## DATA SUPPLIED

===

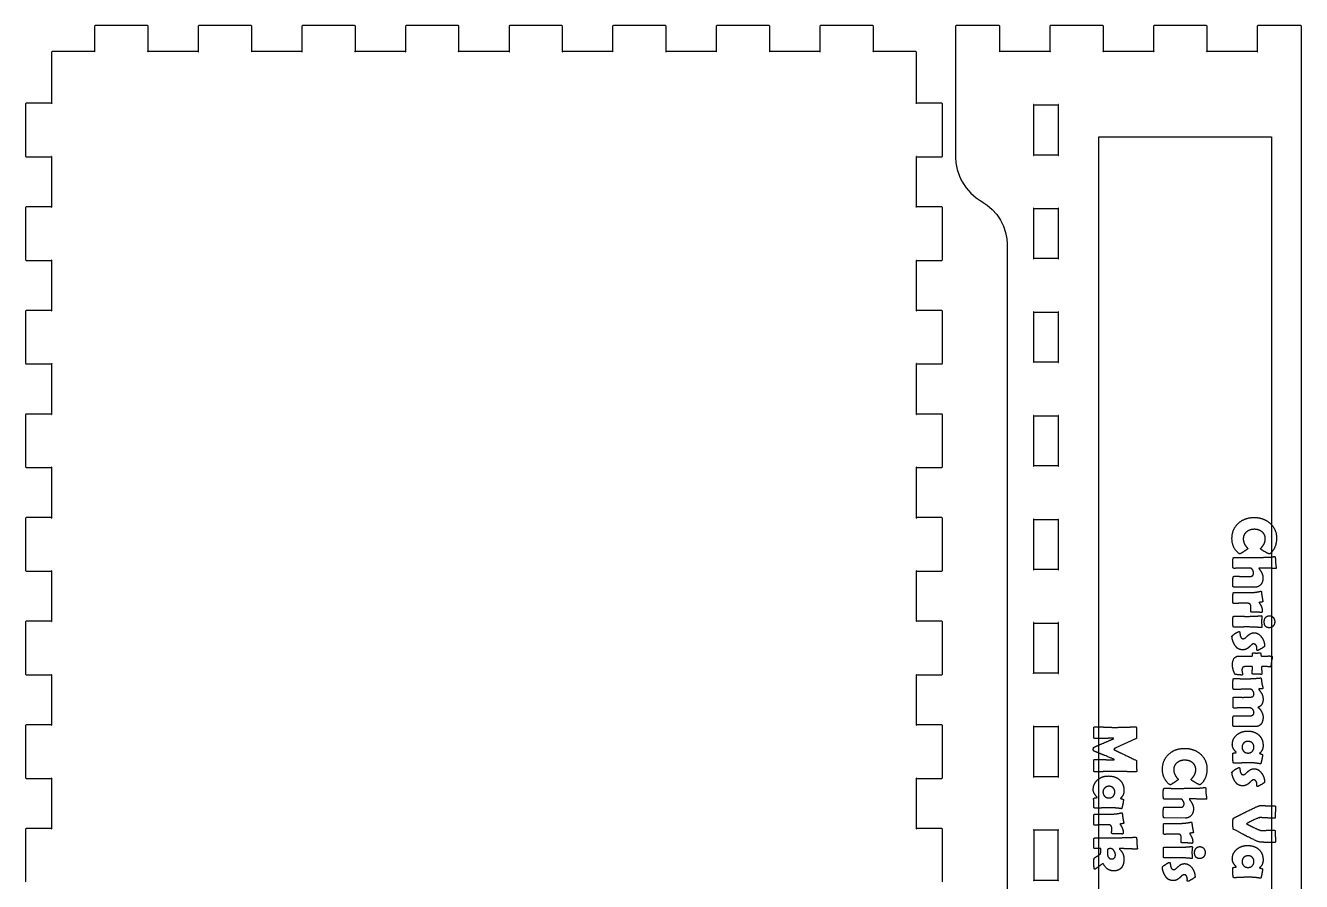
# Model space of a CAD drawing. Header units: millimetres. Extents: x 10 to 778, y 22 to 238.
# Drawn here: x 225.7 to 373.5, y 138.8 to 237.9 of the extents above; entities that cross this region are included whole.
import ezdxf

# ---------------------------------------------------------------- set-up
doc = ezdxf.new("R2010")
doc.units = ezdxf.units.MM
doc.layers.get('0').update_dxf_attribs({"linetype": 'CONTINUOUS'})

msp = doc.modelspace()

# ---------------------------------------------------------------- linework, layer by layer
for p, q in [((367.56, 175.05), (366.7, 175.05)), ((368.1, 172.85), (365.68, 172.85)), ((367.79, 163.35), (367.79, 163.61)), ((365.56, 158.96), (365.56, 160.02)), ((354.23, 156.68), (354.29, 156.68)), ((349.44, 155.41), (349.44, 156.58)), ((354.24, 155.27), (351.99, 154.24)), ((349.44, 151.56), (349.44, 152.8)), ((359.51, 148.31), (358.64, 148.31)), ((360.04, 146.11), (357.62, 146.12)), ((349.58, 143.81), (351.73, 143.81))]:
    msp.add_line(p, q)
for points in [[(331.87, 138.73), (331.9, 138.78), (331.9, 138.8), (331.9, 144.8), (331.9, 144.82), (331.87, 144.87), (331.82, 144.9), (331.8, 144.9), (328.9, 144.9), (328.89, 144.9), (328.86, 144.88), (328.86, 144.86), (328.88, 144.86), (328.9, 144.89), (328.9, 144.9), (328.9, 150.7), (331.8, 150.7), (331.82, 150.7), (331.87, 150.73), (331.9, 150.78), (331.9, 150.8), (331.9, 156.8), (331.9, 156.82), (331.87, 156.87), (331.82, 156.9), (331.8, 156.9), (328.9, 156.9), (328.89, 156.9), (328.86, 156.89), (328.86, 156.86), (328.88, 156.86), (328.9, 156.89), (328.9, 156.9), (328.9, 162.7), (328.89, 162.7), (328.86, 162.72), (328.86, 162.74), (328.88, 162.74), (328.9, 162.71), (328.9, 162.7), (331.8, 162.7), (331.82, 162.7), (331.87, 162.73), (331.9, 162.78), (331.9, 162.8), (331.9, 168.8), (331.9, 168.82), (331.87, 168.87), (331.82, 168.9), (331.8, 168.9), (328.9, 168.9), (328.9, 168.89), (328.88, 168.86), (328.86, 168.86), (328.86, 168.89), (328.89, 168.9), (328.9, 168.9), (328.9, 174.7), (331.8, 174.7), (331.82, 174.7), (331.87, 174.73), (331.9, 174.78), (331.9, 174.8), (331.9, 180.8), (331.9, 180.82), (331.87, 180.87), (331.82, 180.9), (331.8, 180.9), (328.9, 180.9), (328.9, 186.7), (331.8, 186.7), (331.82, 186.7), (331.87, 186.73), (331.9, 186.78), (331.9, 186.8), (331.9, 192.8), (331.9, 192.82), (331.87, 192.87), (331.82, 192.9), (331.8, 192.9), (328.9, 192.9), (328.89, 192.9), (328.86, 192.89), (328.86, 192.86), (328.88, 192.86), (328.9, 192.89), (328.9, 192.9), (328.9, 198.7), (331.8, 198.7), (331.82, 198.7), (331.87, 198.73), (331.9, 198.78), (331.9, 198.8), (331.9, 204.8), (331.9, 204.82), (331.87, 204.87), (331.82, 204.9), (331.8, 204.9), (328.9, 204.9), (328.9, 210.7), (328.89, 210.7), (328.86, 210.72), (328.86, 210.74), (328.88, 210.74), (328.9, 210.71), (328.9, 210.7), (331.8, 210.7), (331.82, 210.7), (331.87, 210.73), (331.9, 210.78), (331.9, 210.8), (331.9, 216.8), (331.9, 216.82), (331.87, 216.87), (331.82, 216.9), (331.8, 216.9), (328.9, 216.9), (328.9, 216.89), (328.88, 216.86), (328.86, 216.86), (328.86, 216.89), (328.89, 216.9), (328.9, 216.9), (328.9, 222.7), (328.9, 222.71), (328.88, 222.74), (328.86, 222.74), (328.86, 222.72), (328.89, 222.7), (328.9, 222.7), (331.8, 222.7), (331.82, 222.7), (331.87, 222.73), (331.9, 222.78), (331.9, 222.8), (331.9, 228.8), (331.9, 228.82), (331.87, 228.87), (331.82, 228.9), (331.8, 228.9), (328.9, 228.9), (328.9, 228.89), (328.88, 228.86), (328.86, 228.86), (328.86, 228.89), (328.89, 228.9), (328.9, 228.9), (328.9, 234.8), (328.9, 234.82), (328.87, 234.87), (328.82, 234.9), (328.8, 234.9), (323.9, 234.9), (323.9, 234.89), (323.88, 234.86), (323.86, 234.86), (323.86, 234.89), (323.89, 234.9), (323.9, 234.9), (323.9, 237.8), (323.9, 237.82), (323.87, 237.87), (323.82, 237.9), (323.8, 237.9), (317.8, 237.9), (317.78, 237.9), (317.73, 237.87), (317.7, 237.82), (317.7, 237.8), (317.7, 234.9), (317.7, 234.89), (317.71, 234.86), (317.74, 234.86), (317.74, 234.89), (317.71, 234.9), (317.7, 234.9), (311.9, 234.9), (311.89, 234.9), (311.86, 234.89), (311.86, 234.86), (311.88, 234.86), (311.9, 234.89), (311.9, 234.9), (311.9, 237.8), (311.9, 237.82), (311.87, 237.87), (311.82, 237.9), (311.8, 237.9), (305.8, 237.9), (305.78, 237.9), (305.73, 237.87), (305.7, 237.82), (305.7, 237.8), (305.7, 234.9), (305.7, 234.89), (305.71, 234.86), (305.74, 234.86), (305.74, 234.89), (305.71, 234.9), (305.7, 234.9), (299.9, 234.9), (299.89, 234.9), (299.86, 234.89), (299.86, 234.86), (299.88, 234.86), (299.9, 234.89), (299.9, 234.9), (299.9, 237.8), (299.9, 237.82), (299.87, 237.87), (299.82, 237.9), (299.8, 237.9), (293.8, 237.9), (293.78, 237.9), (293.73, 237.87), (293.7, 237.82), (293.7, 237.8), (293.7, 234.9), (293.7, 234.89), (293.71, 234.86), (293.74, 234.86), (293.74, 234.89), (293.71, 234.9), (293.7, 234.9), (287.9, 234.9), (287.9, 237.8), (287.9, 237.82), (287.87, 237.87), (287.82, 237.9), (287.8, 237.9), (281.8, 237.9), (281.78, 237.9), (281.73, 237.87), (281.7, 237.82), (281.7, 237.8), (281.7, 234.9), (275.9, 234.9), (275.9, 234.89), (275.88, 234.86), (275.86, 234.86), (275.86, 234.89), (275.89, 234.9), (275.9, 234.9), (275.9, 237.8), (275.9, 237.82), (275.87, 237.87), (275.82, 237.9), (275.8, 237.9), (269.8, 237.9), (269.78, 237.9), (269.73, 237.87), (269.7, 237.82), (269.7, 237.8), (269.7, 234.9), (263.9, 234.9), (263.9, 234.89), (263.88, 234.86), (263.86, 234.86), (263.86, 234.89), (263.89, 234.9), (263.9, 234.9), (263.9, 237.8), (263.9, 237.82), (263.87, 237.87), (263.82, 237.9), (263.8, 237.9), (257.8, 237.9), (257.78, 237.9), (257.73, 237.87), (257.7, 237.82), (257.7, 237.8), (257.7, 234.9), (251.9, 234.9), (251.89, 234.9), (251.86, 234.89), (251.86, 234.86), (251.89, 234.86), (251.9, 234.89), (251.9, 234.9), (251.9, 237.8), (251.9, 237.82), (251.87, 237.87), (251.82, 237.9), (251.8, 237.9), (245.8, 237.9), (245.78, 237.9), (245.73, 237.87), (245.7, 237.82), (245.7, 237.8), (245.7, 234.9), (239.9, 234.9), (239.9, 234.89), (239.89, 234.86), (239.86, 234.86), (239.86, 234.89), (239.89, 234.9), (239.9, 234.9), (239.9, 237.8), (239.9, 237.82), (239.87, 237.87), (239.82, 237.9), (239.8, 237.9), (233.8, 237.9), (233.78, 237.9), (233.73, 237.87), (233.7, 237.82), (233.7, 237.8), (233.7, 234.9), (233.7, 234.89), (233.71, 234.86), (233.74, 234.86), (233.74, 234.89), (233.71, 234.9), (233.7, 234.9), (228.8, 234.9), (228.78, 234.9), (228.73, 234.87), (228.7, 234.82), (228.7, 234.8), (228.7, 228.9), (228.71, 228.9), (228.74, 228.89), (228.74, 228.86), (228.71, 228.86), (228.7, 228.89), (228.7, 228.9), (225.8, 228.9), (225.78, 228.9), (225.73, 228.87), (225.7, 228.82), (225.7, 228.8), (225.7, 222.8), (225.7, 222.78), (225.73, 222.73), (225.78, 222.7), (225.8, 222.7), (228.7, 222.7), (228.71, 222.7), (228.74, 222.72), (228.74, 222.74), (228.71, 222.74), (228.7, 222.71), (228.7, 222.7), (228.7, 216.9), (225.8, 216.9), (225.78, 216.9), (225.73, 216.87), (225.7, 216.82), (225.7, 216.8), (225.7, 210.8), (225.7, 210.78), (225.73, 210.73), (225.78, 210.7), (225.8, 210.7), (228.7, 210.7), (228.7, 204.9), (228.7, 204.89), (228.71, 204.86), (228.74, 204.86), (228.74, 204.89), (228.71, 204.9), (228.7, 204.9), (225.8, 204.9), (225.78, 204.9), (225.73, 204.87), (225.7, 204.82), (225.7, 204.8), (225.7, 198.8), (225.7, 198.78), (225.73, 198.73), (225.78, 198.7), (225.8, 198.7), (228.7, 198.7), (228.7, 198.71), (228.71, 198.74), (228.74, 198.74), (228.74, 198.71), (228.71, 198.7), (228.7, 198.7), (228.7, 192.9), (225.8, 192.9), (225.78, 192.9), (225.73, 192.87), (225.7, 192.82), (225.7, 192.8), (225.7, 186.8), (225.7, 186.78), (225.73, 186.73), (225.78, 186.7), (225.8, 186.7), (228.7, 186.7), (228.7, 180.9), (225.8, 180.9), (225.78, 180.9), (225.73, 180.87), (225.7, 180.82), (225.7, 180.8), (225.7, 174.8), (225.7, 174.78), (225.73, 174.73), (225.78, 174.7), (225.8, 174.7), (228.7, 174.7), (228.7, 168.9), (225.8, 168.9), (225.78, 168.9), (225.73, 168.87), (225.7, 168.82), (225.7, 168.8), (225.7, 162.8), (225.7, 162.78), (225.73, 162.73), (225.78, 162.7), (225.8, 162.7), (228.7, 162.7), (228.7, 162.71), (228.71, 162.74), (228.74, 162.74), (228.74, 162.72), (228.71, 162.7), (228.7, 162.7), (228.7, 156.9), (225.8, 156.9), (225.78, 156.9), (225.73, 156.87), (225.7, 156.82), (225.7, 156.8), (225.7, 150.8), (225.7, 150.78), (225.73, 150.73), (225.78, 150.7), (225.8, 150.7), (228.7, 150.7), (228.7, 144.9), (225.8, 144.9), (225.78, 144.9), (225.73, 144.87), (225.7, 144.82), (225.7, 144.8), (225.7, 138.8), (225.7, 138.78), (225.73, 138.73)], [(373.48, 24.8), (373.48, 234.8), (373.48, 237.8), (373.48, 237.82), (373.45, 237.87), (373.39, 237.9), (373.38, 237.9), (368.44, 237.9), (368.42, 237.9), (368.37, 237.87), (368.34, 237.82), (368.34, 237.8), (368.34, 234.9), (362.54, 234.9), (362.54, 234.89), (362.52, 234.86), (362.5, 234.86), (362.5, 234.89), (362.53, 234.9), (362.54, 234.9), (362.54, 237.8), (362.54, 237.82), (362.51, 237.87), (362.45, 237.9), (362.44, 237.9), (356.44, 237.9), (356.42, 237.9), (356.37, 237.87), (356.34, 237.82), (356.34, 237.8), (356.34, 234.9), (356.35, 234.9), (356.38, 234.89), (356.38, 234.86), (356.36, 234.86), (356.34, 234.89), (356.34, 234.9), (350.54, 234.9), (350.54, 234.89), (350.53, 234.86), (350.5, 234.86), (350.5, 234.89), (350.53, 234.9), (350.54, 234.9), (350.54, 237.8), (350.54, 237.82), (350.51, 237.87), (350.46, 237.9), (350.44, 237.9), (344.44, 237.9), (344.42, 237.9), (344.37, 237.87), (344.34, 237.82), (344.34, 237.8), (344.34, 234.9), (344.35, 234.9), (344.38, 234.89), (344.38, 234.86), (344.35, 234.86), (344.34, 234.89), (344.34, 234.9), (338.54, 234.9), (338.54, 237.8), (338.54, 237.82), (338.51, 237.87), (338.46, 237.9), (338.44, 237.9), (333.5, 237.9), (333.48, 237.9), (333.43, 237.87), (333.4, 237.82), (333.4, 237.8), (333.4, 234.8), (333.4, 222.8), (333.4, 222.6), (333.45, 222), (333.61, 221.22), (333.86, 220.47), (334.12, 219.92), (334.22, 219.75), (334.32, 219.58), (334.66, 219.09), (335.19, 218.49), (335.79, 217.96), (336.28, 217.62), (336.45, 217.52), (336.62, 217.42), (337.09, 217.09), (337.67, 216.58), (338.18, 216), (338.51, 215.53), (338.61, 215.36), (338.7, 215.19), (338.95, 214.66), (339.2, 213.94), (339.35, 213.18), (339.4, 212.6), (339.4, 212.41), (339.4, 47.19)]]:
    msp.add_lwpolyline(points)
for points in [[(245.71, 234.9), (245.7, 234.9), (245.7, 234.89), (245.71, 234.86), (245.74, 234.86), (245.74, 234.89)], [(257.71, 234.9), (257.7, 234.9), (257.7, 234.89), (257.71, 234.86), (257.74, 234.86), (257.74, 234.89)], [(269.71, 234.9), (269.7, 234.9), (269.7, 234.89), (269.71, 234.86), (269.74, 234.86), (269.74, 234.89)], [(281.74, 234.86), (281.74, 234.89), (281.71, 234.9), (281.7, 234.9), (281.7, 234.89), (281.71, 234.86)], [(287.89, 234.9), (287.86, 234.89), (287.86, 234.86), (287.88, 234.86), (287.9, 234.89), (287.9, 234.9)], [(338.5, 234.89), (338.5, 234.86), (338.52, 234.86), (338.54, 234.89), (338.54, 234.9), (338.53, 234.9)], [(368.34, 234.89), (368.35, 234.86), (368.38, 234.86), (368.38, 234.89), (368.35, 234.9), (368.34, 234.9)], [(342.5, 228.7), (342.5, 228.71), (342.49, 228.74), (342.46, 228.74), (342.46, 228.71), (342.49, 228.7)], [(342.5, 225.8), (342.5, 228.7), (345.3, 228.7), (345.31, 228.7), (345.34, 228.71), (345.34, 228.74), (345.31, 228.74), (345.3, 228.71), (345.3, 228.7), (345.3, 222.9), (345.3, 222.89), (345.31, 222.86), (345.34, 222.86), (345.34, 222.89), (345.31, 222.9), (345.3, 222.9), (342.5, 222.9)], [(350, 35), (350, 225), (370, 225), (370, 35)], [(342.46, 222.86), (342.49, 222.86), (342.5, 222.89), (342.5, 222.9), (342.49, 222.9), (342.46, 222.89)], [(228.7, 216.89), (228.71, 216.86), (228.74, 216.86), (228.74, 216.89), (228.71, 216.9), (228.7, 216.9)], [(342.5, 216.71), (342.49, 216.74), (342.46, 216.74), (342.46, 216.72), (342.49, 216.7), (342.5, 216.7)], [(342.49, 210.86), (342.5, 210.89), (342.5, 210.9), (342.5, 213.8), (342.5, 216.7), (345.3, 216.7), (345.3, 210.9), (345.3, 210.89), (345.31, 210.86), (345.34, 210.86), (345.34, 210.89), (345.31, 210.9), (345.3, 210.9), (342.5, 210.9), (342.49, 210.9), (342.46, 210.89), (342.46, 210.86)], [(345.34, 216.72), (345.34, 216.74), (345.31, 216.74), (345.3, 216.71), (345.3, 216.7), (345.31, 216.7)], [(228.74, 210.74), (228.71, 210.74), (228.7, 210.71), (228.7, 210.7), (228.71, 210.7), (228.74, 210.72)], [(328.9, 204.9), (328.89, 204.9), (328.86, 204.89), (328.86, 204.86), (328.88, 204.86), (328.9, 204.89)], [(342.5, 204.71), (342.49, 204.74), (342.46, 204.74), (342.46, 204.72), (342.49, 204.7), (342.5, 204.7), (345.3, 204.7), (345.31, 204.7), (345.34, 204.72), (345.34, 204.74), (345.31, 204.74), (345.3, 204.71), (345.3, 204.7), (345.3, 198.9), (342.5, 198.9), (342.5, 198.89), (342.49, 198.86), (342.46, 198.86), (342.46, 198.89), (342.49, 198.9), (342.5, 198.9), (342.5, 201.8), (342.5, 204.7)], [(328.88, 198.74), (328.86, 198.74), (328.86, 198.71), (328.89, 198.7), (328.9, 198.7), (328.9, 198.71)], [(345.31, 198.9), (345.3, 198.9), (345.3, 198.89), (345.31, 198.86), (345.34, 198.86), (345.34, 198.89)], [(228.71, 192.86), (228.74, 192.86), (228.74, 192.89), (228.71, 192.9), (228.7, 192.9), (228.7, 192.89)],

===

## WHAT THE TASK REQUIRES
Across the entries above, how many lines contain the string "units"? The number alone is the answer.

## ANSWER SECTION
2